§ **SUPPLIED DATA**:
=== Begin Enclosure ===

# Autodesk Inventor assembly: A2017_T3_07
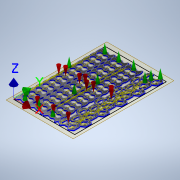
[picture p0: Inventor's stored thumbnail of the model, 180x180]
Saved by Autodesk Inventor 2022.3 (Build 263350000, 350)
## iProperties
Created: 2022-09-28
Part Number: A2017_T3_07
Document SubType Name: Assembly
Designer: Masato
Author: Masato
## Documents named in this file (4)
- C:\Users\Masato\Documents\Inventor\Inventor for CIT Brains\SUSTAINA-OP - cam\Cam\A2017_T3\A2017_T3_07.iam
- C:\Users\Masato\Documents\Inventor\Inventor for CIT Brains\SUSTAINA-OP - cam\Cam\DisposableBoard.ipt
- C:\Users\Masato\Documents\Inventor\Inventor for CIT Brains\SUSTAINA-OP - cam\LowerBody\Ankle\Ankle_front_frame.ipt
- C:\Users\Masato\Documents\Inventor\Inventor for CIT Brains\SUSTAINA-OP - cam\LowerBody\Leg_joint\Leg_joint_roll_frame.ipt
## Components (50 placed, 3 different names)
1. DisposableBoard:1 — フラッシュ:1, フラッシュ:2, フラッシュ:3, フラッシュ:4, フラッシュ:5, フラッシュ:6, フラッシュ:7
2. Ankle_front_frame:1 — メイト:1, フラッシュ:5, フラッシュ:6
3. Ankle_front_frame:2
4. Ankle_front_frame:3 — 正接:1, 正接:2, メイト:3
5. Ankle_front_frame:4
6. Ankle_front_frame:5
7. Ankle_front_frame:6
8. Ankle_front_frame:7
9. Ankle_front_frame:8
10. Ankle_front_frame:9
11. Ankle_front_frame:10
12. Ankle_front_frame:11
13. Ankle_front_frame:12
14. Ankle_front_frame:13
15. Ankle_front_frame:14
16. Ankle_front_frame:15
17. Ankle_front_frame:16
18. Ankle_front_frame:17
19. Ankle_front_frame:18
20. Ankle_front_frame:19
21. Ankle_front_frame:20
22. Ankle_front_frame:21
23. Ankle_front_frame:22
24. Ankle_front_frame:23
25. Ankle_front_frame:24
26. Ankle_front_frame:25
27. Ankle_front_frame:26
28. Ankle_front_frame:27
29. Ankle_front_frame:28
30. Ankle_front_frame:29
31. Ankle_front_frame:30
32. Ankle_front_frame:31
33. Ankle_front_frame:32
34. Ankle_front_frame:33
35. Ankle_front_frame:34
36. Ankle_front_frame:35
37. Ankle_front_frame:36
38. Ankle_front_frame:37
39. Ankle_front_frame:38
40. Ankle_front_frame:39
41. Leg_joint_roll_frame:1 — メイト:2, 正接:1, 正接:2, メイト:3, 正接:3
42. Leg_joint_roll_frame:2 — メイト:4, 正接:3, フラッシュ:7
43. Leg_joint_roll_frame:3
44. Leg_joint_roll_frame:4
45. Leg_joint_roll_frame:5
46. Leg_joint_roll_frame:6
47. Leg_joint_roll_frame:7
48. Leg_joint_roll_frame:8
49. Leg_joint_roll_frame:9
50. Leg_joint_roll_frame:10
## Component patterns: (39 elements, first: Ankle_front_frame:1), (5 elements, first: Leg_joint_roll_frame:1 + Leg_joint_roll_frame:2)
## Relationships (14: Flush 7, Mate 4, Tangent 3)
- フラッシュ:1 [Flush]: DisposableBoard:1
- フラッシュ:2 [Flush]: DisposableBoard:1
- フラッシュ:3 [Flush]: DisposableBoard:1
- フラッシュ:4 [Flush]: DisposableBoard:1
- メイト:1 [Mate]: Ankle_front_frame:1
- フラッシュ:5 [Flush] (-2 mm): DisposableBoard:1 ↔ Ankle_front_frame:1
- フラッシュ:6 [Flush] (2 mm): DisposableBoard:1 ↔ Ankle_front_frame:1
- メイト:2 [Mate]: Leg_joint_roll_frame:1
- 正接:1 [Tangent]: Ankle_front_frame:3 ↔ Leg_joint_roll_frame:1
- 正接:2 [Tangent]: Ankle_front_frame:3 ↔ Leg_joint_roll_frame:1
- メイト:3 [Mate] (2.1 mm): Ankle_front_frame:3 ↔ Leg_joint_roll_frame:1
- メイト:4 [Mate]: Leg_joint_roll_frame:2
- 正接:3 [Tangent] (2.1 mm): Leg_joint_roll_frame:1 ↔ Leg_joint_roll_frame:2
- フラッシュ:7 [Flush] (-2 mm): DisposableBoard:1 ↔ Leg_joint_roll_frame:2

=== End Enclosure ===

§ **WHAT IS BEING ASKED**: Carry over each record above character for character, with the pictures left out.

§ **COMPLETED TASK**:
# Autodesk Inventor assembly: A2017_T3_07
[picture p0: Inventor's stored thumbnail of the model, 180x180]
Saved by Autodesk Inventor 2022.3 (Build 263350000, 350)
## iProperties
Created: 2022-09-28
Part Number: A2017_T3_07
Document SubType Name: Assembly
Designer: Masato
Author: Masato
## Documents named in this file (4)
- C:\Users\Masato\Documents\Inventor\Inventor for CIT Brains\SUSTAINA-OP - cam\Cam\A2017_T3\A2017_T3_07.iam
- C:\Users\Masato\Documents\Inventor\Inventor for CIT Brains\SUSTAINA-OP - cam\Cam\DisposableBoard.ipt
- C:\Users\Masato\Documents\Inventor\Inventor for CIT Brains\SUSTAINA-OP - cam\LowerBody\Ankle\Ankle_front_frame.ipt
- C:\Users\Masato\Documents\Inventor\Inventor for CIT Brains\SUSTAINA-OP - cam\LowerBody\Leg_joint\Leg_joint_roll_frame.ipt
## Components (50 placed, 3 different names)
1. DisposableBoard:1 — フラッシュ:1, フラッシュ:2, フラッシュ:3, フラッシュ:4, フラッシュ:5, フラッシュ:6, フラッシュ:7
2. Ankle_front_frame:1 — メイト:1, フラッシュ:5, フラッシュ:6
3. Ankle_front_frame:2
4. Ankle_front_frame:3 — 正接:1, 正接:2, メイト:3
5. Ankle_front_frame:4
6. Ankle_front_frame:5
7. Ankle_front_frame:6
8. Ankle_front_frame:7
9. Ankle_front_frame:8
10. Ankle_front_frame:9
11. Ankle_front_frame:10
12. Ankle_front_frame:11
13. Ankle_front_frame:12
14. Ankle_front_frame:13
15. Ankle_front_frame:14
16. Ankle_front_frame:15
17. Ankle_front_frame:16
18. Ankle_front_frame:17
19. Ankle_front_frame:18
20. Ankle_front_frame:19
21. Ankle_front_frame:20
22. Ankle_front_frame:21
23. Ankle_front_frame:22
24. Ankle_front_frame:23
25. Ankle_front_frame:24
26. Ankle_front_frame:25
27. Ankle_front_frame:26
28. Ankle_front_frame:27
29. Ankle_front_frame:28
30. Ankle_front_frame:29
31. Ankle_front_frame:30
32. Ankle_front_frame:31
33. Ankle_front_frame:32
34. Ankle_front_frame:33
35. Ankle_front_frame:34
36. Ankle_front_frame:35
37. Ankle_front_frame:36
38. Ankle_front_frame:37
39. Ankle_front_frame:38
40. Ankle_front_frame:39
41. Leg_joint_roll_frame:1 — メイト:2, 正接:1, 正接:2, メイト:3, 正接:3
42. Leg_joint_roll_frame:2 — メイト:4, 正接:3, フラッシュ:7
43. Leg_joint_roll_frame:3
44. Leg_joint_roll_frame:4
45. Leg_joint_roll_frame:5
46. Leg_joint_roll_frame:6
47. Leg_joint_roll_frame:7
48. Leg_joint_roll_frame:8
49. Leg_joint_roll_frame:9
50. Leg_joint_roll_frame:10
## Component patterns: (39 elements, first: Ankle_front_frame:1), (5 elements, first: Leg_joint_roll_frame:1 + Leg_joint_roll_frame:2)
## Relationships (14: Flush 7, Mate 4, Tangent 3)
- フラッシュ:1 [Flush]: DisposableBoard:1
- フラッシュ:2 [Flush]: DisposableBoard:1
- フラッシュ:3 [Flush]: DisposableBoard:1
- フラッシュ:4 [Flush]: DisposableBoard:1
- メイト:1 [Mate]: Ankle_front_frame:1
- フラッシュ:5 [Flush] (-2 mm): DisposableBoard:1 ↔ Ankle_front_frame:1
- フラッシュ:6 [Flush] (2 mm): DisposableBoard:1 ↔ Ankle_front_frame:1
- メイト:2 [Mate]: Leg_joint_roll_frame:1
- 正接:1 [Tangent]: Ankle_front_frame:3 ↔ Leg_joint_roll_frame:1
- 正接:2 [Tangent]: Ankle_front_frame:3 ↔ Leg_joint_roll_frame:1
- メイト:3 [Mate] (2.1 mm): Ankle_front_frame:3 ↔ Leg_joint_roll_frame:1
- メイト:4 [Mate]: Leg_joint_roll_frame:2
- 正接:3 [Tangent] (2.1 mm): Leg_joint_roll_frame:1 ↔ Leg_joint_roll_frame:2
- フラッシュ:7 [Flush] (-2 mm): DisposableBoard:1 ↔ Leg_joint_roll_frame:2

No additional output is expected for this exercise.